Fig. 2. O-GlcNAc mediates HPV oncogenic activities. (A and B) MEFs (passage 3) were infected with lentiviruses expressing HPV16 E6, E7, E6/E7, or GFP (control). (A) Whole-cell extracts (WCEs) were analyzed with immunoblots for OGT and OGA as well as with O-GlcNAcylated proteins with respective antibodies. E6, E7, Rb, and p53 were determined for evaluating the HPV16 oncogene expression and function. GAPDH served as a loading control. (B) Percentages of MEFs in senescence at passage 12 were determined after staining with SA–β-gal.
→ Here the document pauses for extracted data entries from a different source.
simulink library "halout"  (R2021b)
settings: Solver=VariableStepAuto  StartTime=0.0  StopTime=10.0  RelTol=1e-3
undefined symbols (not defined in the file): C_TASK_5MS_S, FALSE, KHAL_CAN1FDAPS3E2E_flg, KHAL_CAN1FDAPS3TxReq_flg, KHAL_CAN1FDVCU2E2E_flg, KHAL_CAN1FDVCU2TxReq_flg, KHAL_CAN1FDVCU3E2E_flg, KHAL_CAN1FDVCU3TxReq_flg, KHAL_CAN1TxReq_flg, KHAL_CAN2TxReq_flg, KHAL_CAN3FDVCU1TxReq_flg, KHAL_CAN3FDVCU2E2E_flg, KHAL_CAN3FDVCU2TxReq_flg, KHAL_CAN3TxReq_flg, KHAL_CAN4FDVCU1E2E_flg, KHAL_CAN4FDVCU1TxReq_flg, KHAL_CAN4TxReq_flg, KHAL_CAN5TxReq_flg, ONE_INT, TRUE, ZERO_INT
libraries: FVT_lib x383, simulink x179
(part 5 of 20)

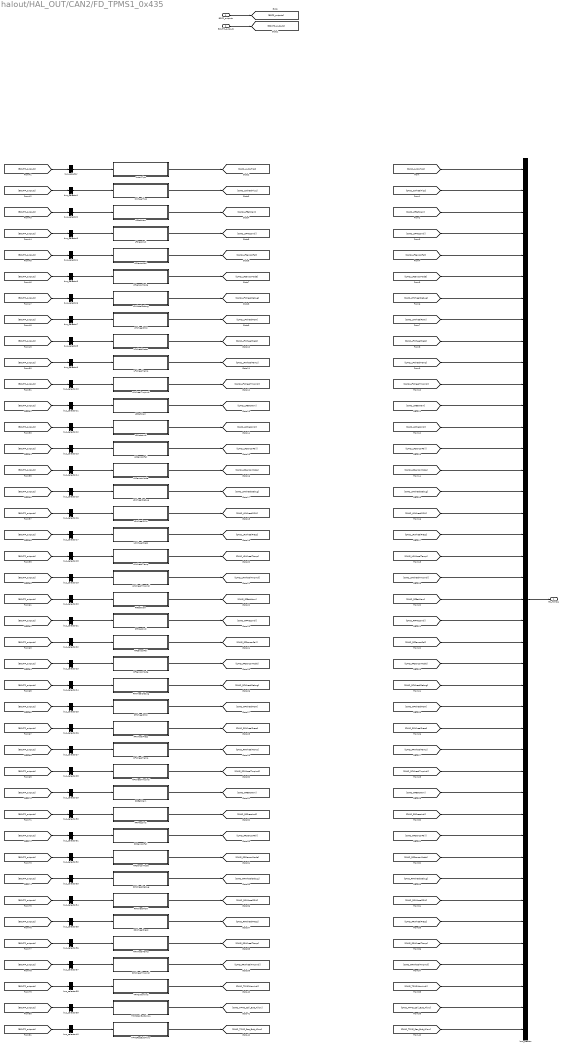
== system halout/HAL_OUT/CAN2/FD_TPMS1_0x435 ==
  BSCP_outputs : Inport  OutDataTypeStr=Bus: BSCP_outputs
  BOUTP_outputs : Inport  Port=2  OutDataTypeStr=Bus: BOUTP_outputs
  AutoLTips : Subsystem
  CWheelTips : Subsystem
  LFBatWarn : Subsystem
  LFPressIndi : Subsystem
  LFSensorFail : Subsystem
  LFSensorMode : Subsystem
  LFWheelDebug : Subsystem
  LFWheelPSW : Subsystem
  LFWheelPress : Subsystem
  LFWheelTemp : Subsystem
  LFWheelTmpIndi : Subsystem
  LRBatWarn : Subsystem
  LRPressIndi : Subsystem
  LRSensorFail : Subsystem
  LRSensorMode : Subsystem
  LRWheelDebug : Subsystem
  LRWheelPSW : Subsystem
  LRWheelPress : Subsystem
  LRWheelTemp : Subsystem
  LRWheelTmpIndi : Subsystem
  RFBatWarn : Subsystem
  RFPressIndi : Subsystem
  RFSensorFail : Subsystem
  RFSensorMode : Subsystem
  RFWheelDebug : Subsystem
  RFWheelPSW : Subsystem
  RFWheelPress : Subsystem
  RFWheelTemp : Subsystem
  RFWheelTmpIndi : Subsystem
  RRBatWarn : Subsystem
  RRPressIndi : Subsystem
  RRSensorFail : Subsystem
  RRSensorMode : Subsystem
  RRWheelDebug : Subsystem
  RRWheelPSW : Subsystem
  RRWheelPress : Subsystem
  RRWheelTemp : Subsystem
  RRWheelTmpIndi : Subsystem
  TPMSCaliButtAllow : Subsystem
  TPMSResButtAllow : Subsystem
  TPMSWarnIndi : Subsystem
  bus_creator : BusCreator  Inputs=41  OutDataTypeStr=Bus: DT_CAN2_SG_FD_TPMS1  NonVirtualBus=on
  bus_selector : BusSelector  OutputSignals=VOUTP_AutoLTips_enum
  bus_selector1 : BusSelector  OutputSignals=VOUTP_CWheelTips_enum
  bus_selector10 : BusSelector  OutputSignals=VOUTP_LFWheelTmpIndi_flg
  bus_selector11 : BusSelector  OutputSignals=VOUTP_LRBatWarn_flg
  bus_selector12 : BusSelector  OutputSignals=VOUTP_LRPressIndi_enum
  bus_selector13 : BusSelector  OutputSignals=VOUTP_LRSensorFail_flg
  bus_selector14 : BusSelector  OutputSignals=VOUTP_LRSensorMode_flg
  bus_selector15 : BusSelector  OutputSignals=VOUTP_LRWheelDebug_flg
  bus_selector16 : BusSelector  OutputSignals=VOUTP_LRWheelPSW_raw8
  bus_selector17 : BusSelector  OutputSignals=VOUTP_LRWheelPress_raw8
  bus_selector18 : BusSelector  OutputSignals=VOUTP_LRWheelTemp_C
  bus_selector19 : BusSelector  OutputSignals=VOUTP_LRWheelTmpIndi_flg
  bus_selector2 : BusSelector  OutputSignals=VOUTP_LFBatWarn_flg
  bus_selector20 : BusSelector  OutputSignals=VOUTP_RFBatWarn_flg
  bus_selector21 : BusSelector  OutputSignals=VOUTP_RFPressIndi_enum
  bus_selector22 : BusSelector  OutputSignals=VOUTP_RFSensorFail_flg
  bus_selector23 : BusSelector  OutputSignals=VOUTP_RFSensorMode_flg
  bus_selector24 : BusSelector  OutputSignals=VOUTP_RFWheelDebug_flg
  bus_selector25 : BusSelector  OutputSignals=VOUTP_RFWheelPSW_raw8
  bus_selector26 : BusSelector  OutputSignals=VOUTP_RFWheelPress_raw8
  bus_selector27 : BusSelector  OutputSignals=VOUTP_RFWheelTemp_C
  bus_selector28 : BusSelector  OutputSignals=VOUTP_RFWheelTmpIndi_flg
  bus_selector29 : BusSelector  OutputSignals=VOUTP_RRBatWarn_flg
  bus_selector3 : BusSelector  OutputSignals=VOUTP_LFPressIndi_enum
  bus_selector30 : BusSelector  OutputSignals=VOUTP_RRPressIndi_enum
  bus_selector31 : BusSelector  OutputSignals=VOUTP_RRSensorFail_flg
  bus_selector32 : BusSelector  OutputSignals=VOUTP_RRSensorMode_flg
  bus_selector33 : BusSelector  OutputSignals=VOUTP_RRWheelDebug_flg
  bus_selector34 : BusSelector  OutputSignals=VOUTP_RRWheelPSW_raw8
  bus_selector35 : BusSelector  OutputSignals=VOUTP_RRWheelPress_raw8
  bus_selector36 : BusSelector  OutputSignals=VOUTP_RRWheelTemp_C
  bus_selector37 : BusSelector  OutputSignals=VOUTP_RRWheelTmpIndi_flg
  bus_selector38 : BusSelector  OutputSignals=VOUTP_TPMSWarnIndi_enum
  bus_selector39 : BusSelector  OutputSignals=VOUTP_TPMSCaliButtAllow_flg
  bus_selector4 : BusSelector  OutputSignals=VOUTP_LFSensorFail_flg
  bus_selector40 : BusSelector  OutputSignals=VOUTP_TPMSResButtAllow_flg
  bus_selector5 : BusSelector  OutputSignals=VOUTP_LFSensorMode_flg
  bus_selector6 : BusSelector  OutputSignals=VOUTP_LFWheelDebug_flg
  bus_selector7 : BusSelector  OutputSignals=VOUTP_LFWheelPSW_raw8
  bus_selector8 : BusSelector  OutputSignals=VOUTP_LFWheelPress_raw8
  bus_selector9 : BusSelector  OutputSignals=VOUTP_LFWheelTemp_C
  FD_TPMS1 : Outport
  wires:
  BSCP_outputs/1 -> [BSCP_outputs]
  BOUTP_outputs/1 -> [BOUTP_outputs]
  [CAN2_AutoLTips] -> bus_creator/1  "CAN2_AutoLTips"
  [CAN2_CWheelTips] -> bus_creator/2  "CAN2_CWheelTips"
  [CAN2_LFBatWarn] -> bus_creator/3  "CAN2_LFBatWarn"
  [CAN2_LFPressIndi] -> bus_creator/4  "CAN2_LFPressIndi"
  [CAN2_LFSensorFail] -> bus_creator/5  "CAN2_LFSensorFail"
  [CAN2_LFSensorMode] -> bus_creator/6  "CAN2_LFSensorMode"
  [CAN2_LFWheelDebug] -> bus_creator/7  "CAN2_LFWheelDebug"
  [CAN2_LFWheelPSW] -> bus_creator/8  "CAN2_LFWheelPSW"
  [CAN2_LFWheelPress] -> bus_creator/9  "CAN2_LFWheelPress"
  [CAN2_LFWheelTemp] -> bus_creator/10  "CAN2_LFWheelTemp"
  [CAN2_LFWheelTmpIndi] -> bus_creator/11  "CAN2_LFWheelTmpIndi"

Data are average ± SEM of three independent experiments. *P < 0.01. Impact of O-GlcNAcylation on HPV16-induced cell migration (C) and invasion (D) as described in SI Materials and Methods. *P < 0.01 (n = 3). (E) Anchorage-independent cellular growth in soft agar. C33A/GFP and C33A/HPV16-E6/E7 cells were grown on 0.4% agar with 1 μM DON for 2 wk. Colonies were recorded with an Envision light microscope and counted. *P < 0.01 (n = 3). (F–I) O-GlcNAc mediates oncogenic activities of HeLa. HPV18-positive HeLa cells were treated with 50 μM ST045849. Migration (F) and invasion (G) assays and anchorage-independent growth (H) were performed as above described. *P < 0.01 (n = 3). WCEs were used for immunoblot analyses. GAPDH served as a loading control (I).

Zeng et al.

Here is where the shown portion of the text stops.